Apicella Andrea, Donnarumma Francesco, Isgrò Francesco, Prevete Roberto
Dipartimento di Ingegneria Elettrica e delle Tecnologie dell'Informazione, Università di Napoli Federico II, Italy.
Institute of Cognitive Sciences and Technologies (ISTC), National Research Council (CNR), Via San Martino della Battaglia 44, 00185 Rome, Italy.
Neural Netw. 2021 Jun;138:14-32. doi: 10.1016/j.neunet.2021.01.026. Epub 2021 Feb 9.

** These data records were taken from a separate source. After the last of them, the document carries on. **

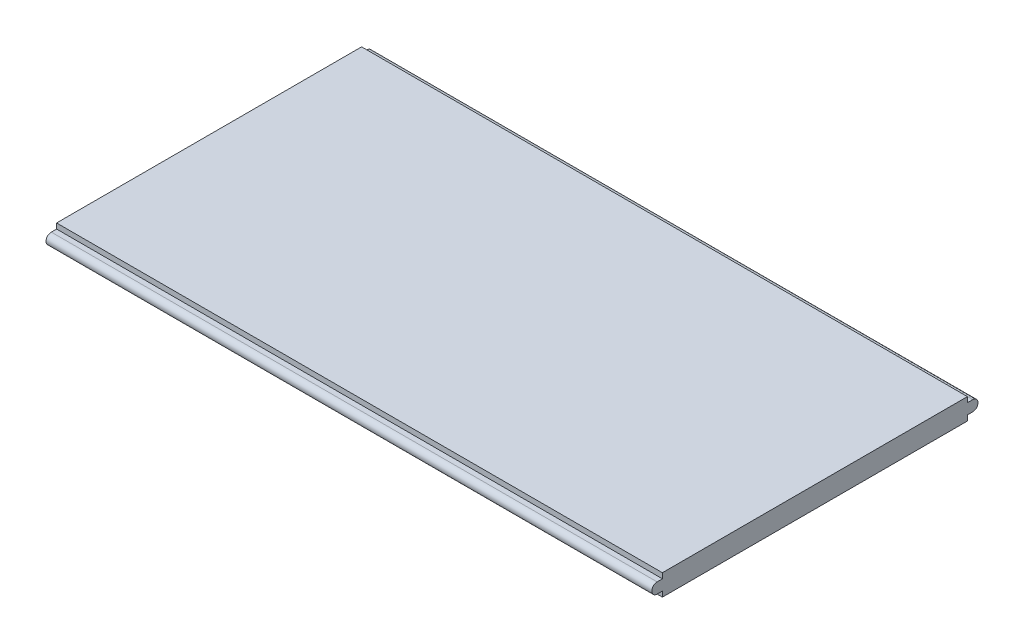
SolidWorks part; units mm, degrees
ref_plane "Front Plane" through (0, 0, 0) normal (0, 0, 1) x (1, 0, 0)
ref_plane "Top Plane" through (0, 0, 0) normal (0, 1, 0) x (1, 0, 0)
ref_plane "Right Plane" through (0, 0, 0) normal (1, 0, 0) x (0, 0, -1)
sketch "Sketch1" plane through (0, 0, 0) normal (1, 0, 0) x (0, 0, -1)
  line L0 (-372.5, 0) -> (-347.5, 0) construction
  line L1 (-360, 25) -> (360, 25)
  line L2 (-360, 25) -> (-360, -25)
  line L3 (-360, -25) -> (360, -25)
  line L4 (360, 25) -> (360, -25)
  line L5 (-360, 25) -> (360, -25) construction
  line L6 (-360, -25) -> (360, 25) construction
  line L7 (-372.5, 12.5) -> (-347.5, 12.5)
  line L8 (-372.5, -12.5) -> (-347.5, -12.5)
  line L9 (347.5, 0) -> (372.5, 0) construction
  line L10 (347.5, 12.5) -> (372.5, 12.5)
  line L11 (347.5, -12.5) -> (372.5, -12.5)
  arc A0 (-372.5, 12.5) -> (-372.5, -12.5) centre (-372.5, 0) ccw
  arc A1 (-347.5, -12.5) -> (-347.5, 12.5) centre (-347.5, 0) ccw
  arc A2 (347.5, 12.5) -> (347.5, -12.5) centre (347.5, 0) ccw
  arc A3 (372.5, -12.5) -> (372.5, 12.5) centre (372.5, 0) ccw
  point P0 (0, 0)
  point P8 (-360, 0)
  point P14 (360, 0)
  dimension "D1" = 720
  dimension "D2" = 50
  dimension "D3" = 25
  dimension "D4" = 25
  dimension "D5" = 25
  dimension "D6" = 25
extrude "Boss-Extrude1" add sketch "Sketch1" along normal blind 1430 contours A2 L10 L4 L1 L2 L7 A1 L8 L3 L11 | L8 A1 L7 L2 | L7 A0 L8 L2 | L11 A3 L10 L4 | L10 A2 L11 L4

In neural networks literature, there is a strong interest in identifying and defining activation functions which can improve neural network performance. In recent years there has been a renovated interest in the scientific community in investigating activation functions which can be trained during the learning process, usually referred to as trainable, learnable or adaptable activation functions. They appear to lead to better network performance. Diverse and heterogeneous models of trainable activation function have been proposed in the literature. In this paper, we present a survey of these models. Starting from a discussion on the use of the term "activation function" in literature, we propose a taxonomy of trainable activation functions, highlight common and distinctive proprieties of recent and past models, and discuss main advantages and limitations of this type of approach. We show that many of the proposed approaches are equivalent to adding neuron layers which use fixed (non-trainable) activation functions and some simple local rule that constrains the corresponding weight layers.
在神经网络文献中,人们对识别和定义能够提高神经网络性能的激活函数有着浓厚的兴趣。近年来,科学界对研究在学习过程中可训练的激活函数(通常称为可训练、可学习或自适应激活函数)重新产生了兴趣。它们似乎能带来更好的网络性能。文献中已经提出了各种各样、异质的可训练激活函数模型。在本文中,我们对这些模型进行了综述。从讨论文献中“激活函数”一词的使用开始,我们提出了可训练激活函数的分类法,突出了近期和过去模型的共同和独特特性,并讨论了这种方法的主要优点和局限性。我们表明,许多提出的方法相当于添加了使用固定(不可训练)激活函数的神经元层以及一些约束相应权重层的简单局部规则。